» BRIEF
Your answer should be the lines below from the one holding "PCM Input/32(EngTrqOut) ->" through the one holding "PCM Input/15(IntkSwirlVlvPos) ->", copied exactly and with nothing else.

» EXTRACTED DATA
>>>>>

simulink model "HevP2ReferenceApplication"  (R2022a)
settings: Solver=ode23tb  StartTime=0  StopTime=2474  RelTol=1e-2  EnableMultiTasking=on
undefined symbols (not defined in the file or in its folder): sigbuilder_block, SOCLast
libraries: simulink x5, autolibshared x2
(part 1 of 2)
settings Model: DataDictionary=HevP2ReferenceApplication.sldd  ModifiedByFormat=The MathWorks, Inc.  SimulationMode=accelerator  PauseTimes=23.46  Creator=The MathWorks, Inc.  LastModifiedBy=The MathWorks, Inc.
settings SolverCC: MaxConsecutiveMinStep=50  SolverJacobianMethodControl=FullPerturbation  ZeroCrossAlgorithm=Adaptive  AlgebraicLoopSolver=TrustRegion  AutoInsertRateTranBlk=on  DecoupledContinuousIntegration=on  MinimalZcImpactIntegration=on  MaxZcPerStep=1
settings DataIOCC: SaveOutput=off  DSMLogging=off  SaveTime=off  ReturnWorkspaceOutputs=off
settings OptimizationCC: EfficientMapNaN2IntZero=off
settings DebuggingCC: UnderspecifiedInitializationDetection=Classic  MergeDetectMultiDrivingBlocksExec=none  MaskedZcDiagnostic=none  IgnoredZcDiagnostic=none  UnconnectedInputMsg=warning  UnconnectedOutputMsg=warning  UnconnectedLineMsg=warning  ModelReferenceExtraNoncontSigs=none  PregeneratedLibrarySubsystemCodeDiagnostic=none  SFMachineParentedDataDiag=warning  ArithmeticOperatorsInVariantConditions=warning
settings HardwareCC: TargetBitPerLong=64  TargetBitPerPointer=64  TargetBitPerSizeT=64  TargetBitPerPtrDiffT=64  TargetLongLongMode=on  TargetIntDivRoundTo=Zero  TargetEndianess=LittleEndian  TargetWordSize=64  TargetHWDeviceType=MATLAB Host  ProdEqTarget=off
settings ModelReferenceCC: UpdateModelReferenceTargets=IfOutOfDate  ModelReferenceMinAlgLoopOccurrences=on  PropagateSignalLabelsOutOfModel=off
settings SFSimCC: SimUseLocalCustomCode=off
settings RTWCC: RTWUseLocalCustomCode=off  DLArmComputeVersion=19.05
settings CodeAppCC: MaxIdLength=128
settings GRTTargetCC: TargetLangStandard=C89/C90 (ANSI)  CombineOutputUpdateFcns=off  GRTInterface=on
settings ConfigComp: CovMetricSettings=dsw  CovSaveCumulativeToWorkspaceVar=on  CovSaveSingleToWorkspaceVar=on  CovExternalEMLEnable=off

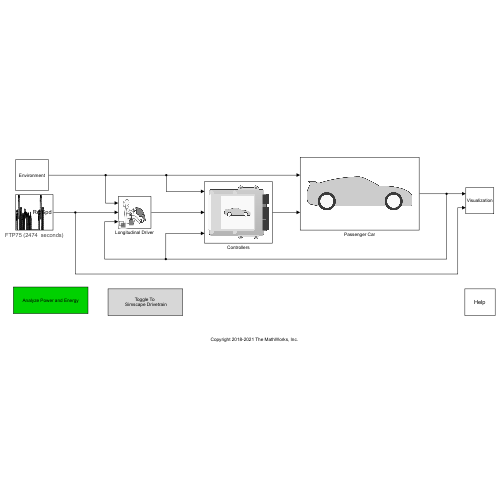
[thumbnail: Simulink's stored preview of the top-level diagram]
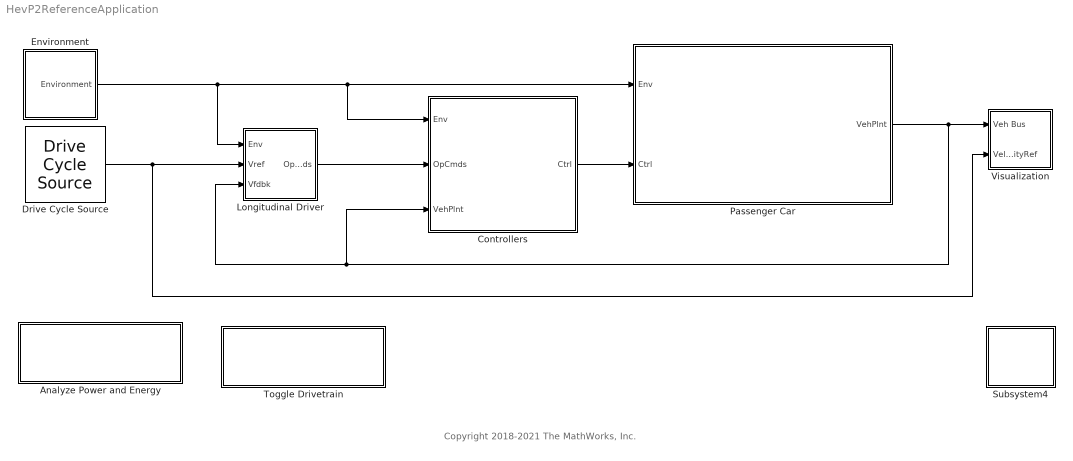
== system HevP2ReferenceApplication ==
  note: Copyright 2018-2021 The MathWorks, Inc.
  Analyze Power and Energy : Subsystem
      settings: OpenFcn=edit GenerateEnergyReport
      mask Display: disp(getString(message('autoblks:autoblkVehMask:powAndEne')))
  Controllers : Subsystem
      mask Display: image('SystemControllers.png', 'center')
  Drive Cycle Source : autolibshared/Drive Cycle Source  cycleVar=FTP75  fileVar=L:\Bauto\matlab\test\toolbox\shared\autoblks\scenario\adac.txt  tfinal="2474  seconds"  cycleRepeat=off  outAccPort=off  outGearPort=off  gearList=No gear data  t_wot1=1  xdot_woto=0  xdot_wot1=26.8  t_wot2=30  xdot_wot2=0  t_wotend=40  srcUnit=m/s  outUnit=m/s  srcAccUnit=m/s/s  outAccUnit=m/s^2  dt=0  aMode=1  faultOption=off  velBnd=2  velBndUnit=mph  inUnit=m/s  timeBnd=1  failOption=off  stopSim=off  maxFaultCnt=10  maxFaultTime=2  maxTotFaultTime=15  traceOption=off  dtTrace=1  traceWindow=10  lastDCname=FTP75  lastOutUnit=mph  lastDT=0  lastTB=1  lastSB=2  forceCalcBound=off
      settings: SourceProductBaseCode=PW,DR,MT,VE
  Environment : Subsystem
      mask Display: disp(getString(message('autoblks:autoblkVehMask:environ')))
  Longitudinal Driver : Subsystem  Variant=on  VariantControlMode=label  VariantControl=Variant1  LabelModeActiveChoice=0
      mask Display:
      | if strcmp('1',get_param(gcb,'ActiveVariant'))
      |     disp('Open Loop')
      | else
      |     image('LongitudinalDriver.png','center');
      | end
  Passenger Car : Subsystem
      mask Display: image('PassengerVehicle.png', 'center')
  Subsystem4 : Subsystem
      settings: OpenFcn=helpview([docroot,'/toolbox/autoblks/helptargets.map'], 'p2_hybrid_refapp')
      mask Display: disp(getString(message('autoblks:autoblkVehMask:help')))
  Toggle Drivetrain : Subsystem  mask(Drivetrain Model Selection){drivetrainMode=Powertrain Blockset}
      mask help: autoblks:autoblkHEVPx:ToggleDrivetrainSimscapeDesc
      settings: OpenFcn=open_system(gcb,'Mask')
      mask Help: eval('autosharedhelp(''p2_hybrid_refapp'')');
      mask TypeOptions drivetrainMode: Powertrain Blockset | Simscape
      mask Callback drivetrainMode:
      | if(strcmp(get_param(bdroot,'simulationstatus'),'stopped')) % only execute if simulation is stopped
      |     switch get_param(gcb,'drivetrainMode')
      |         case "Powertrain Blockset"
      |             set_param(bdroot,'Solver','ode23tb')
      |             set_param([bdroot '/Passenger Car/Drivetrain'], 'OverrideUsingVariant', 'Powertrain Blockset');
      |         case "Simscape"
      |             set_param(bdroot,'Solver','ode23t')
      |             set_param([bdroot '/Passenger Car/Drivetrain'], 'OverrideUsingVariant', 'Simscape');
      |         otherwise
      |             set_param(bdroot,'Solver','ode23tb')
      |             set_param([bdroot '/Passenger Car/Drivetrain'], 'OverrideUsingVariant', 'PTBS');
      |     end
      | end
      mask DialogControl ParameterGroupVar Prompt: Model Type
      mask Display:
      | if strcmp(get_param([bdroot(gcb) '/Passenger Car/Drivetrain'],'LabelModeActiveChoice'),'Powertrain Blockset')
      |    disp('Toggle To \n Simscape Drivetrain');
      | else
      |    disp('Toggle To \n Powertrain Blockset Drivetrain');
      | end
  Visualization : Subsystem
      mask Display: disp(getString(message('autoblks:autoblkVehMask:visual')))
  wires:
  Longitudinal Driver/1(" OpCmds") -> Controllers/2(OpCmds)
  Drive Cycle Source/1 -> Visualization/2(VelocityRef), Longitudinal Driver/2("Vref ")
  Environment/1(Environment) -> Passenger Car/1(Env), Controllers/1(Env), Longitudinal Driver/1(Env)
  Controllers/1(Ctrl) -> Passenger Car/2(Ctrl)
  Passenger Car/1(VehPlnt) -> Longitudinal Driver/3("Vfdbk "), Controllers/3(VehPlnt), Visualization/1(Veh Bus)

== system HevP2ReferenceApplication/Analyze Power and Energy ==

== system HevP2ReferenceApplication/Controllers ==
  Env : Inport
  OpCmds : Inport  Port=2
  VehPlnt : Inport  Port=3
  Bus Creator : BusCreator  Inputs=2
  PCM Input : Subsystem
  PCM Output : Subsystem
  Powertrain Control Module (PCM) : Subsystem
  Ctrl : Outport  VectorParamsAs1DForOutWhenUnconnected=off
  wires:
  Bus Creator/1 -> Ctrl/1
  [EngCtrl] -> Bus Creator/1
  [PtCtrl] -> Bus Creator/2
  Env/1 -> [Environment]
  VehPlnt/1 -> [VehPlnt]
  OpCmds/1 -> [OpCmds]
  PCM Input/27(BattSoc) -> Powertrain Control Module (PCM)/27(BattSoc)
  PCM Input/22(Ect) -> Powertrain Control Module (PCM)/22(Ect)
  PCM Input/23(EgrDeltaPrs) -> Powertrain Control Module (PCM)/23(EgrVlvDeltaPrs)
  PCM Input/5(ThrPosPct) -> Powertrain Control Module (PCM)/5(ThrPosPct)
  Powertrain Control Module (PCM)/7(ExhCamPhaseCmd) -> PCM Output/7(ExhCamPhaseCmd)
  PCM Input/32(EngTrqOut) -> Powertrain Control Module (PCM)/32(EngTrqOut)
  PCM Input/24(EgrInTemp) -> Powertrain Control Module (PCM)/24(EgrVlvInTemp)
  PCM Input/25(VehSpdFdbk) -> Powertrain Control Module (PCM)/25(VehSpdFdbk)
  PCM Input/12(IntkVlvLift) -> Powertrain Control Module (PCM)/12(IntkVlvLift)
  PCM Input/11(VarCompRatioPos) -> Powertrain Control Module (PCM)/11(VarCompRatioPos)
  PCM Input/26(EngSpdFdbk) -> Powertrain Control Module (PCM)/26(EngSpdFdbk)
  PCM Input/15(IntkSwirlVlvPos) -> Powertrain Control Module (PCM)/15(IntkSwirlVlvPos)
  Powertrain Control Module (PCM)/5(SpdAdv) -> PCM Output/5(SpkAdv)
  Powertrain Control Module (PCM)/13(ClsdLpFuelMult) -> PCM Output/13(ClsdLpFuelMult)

<<<<<

» RESULT BELOW
  PCM Input/32(EngTrqOut) -> Powertrain Control Module (PCM)/32(EngTrqOut)
  PCM Input/24(EgrInTemp) -> Powertrain Control Module (PCM)/24(EgrVlvInTemp)
  PCM Input/25(VehSpdFdbk) -> Powertrain Control Module (PCM)/25(VehSpdFdbk)
  PCM Input/12(IntkVlvLift) -> Powertrain Control Module (PCM)/12(IntkVlvLift)
  PCM Input/11(VarCompRatioPos) -> Powertrain Control Module (PCM)/11(VarCompRatioPos)
  PCM Input/26(EngSpdFdbk) -> Powertrain Control Module (PCM)/26(EngSpdFdbk)
  PCM Input/15(IntkSwirlVlvPos) -> Powertrain Control Module (PCM)/15(IntkSwirlVlvPos)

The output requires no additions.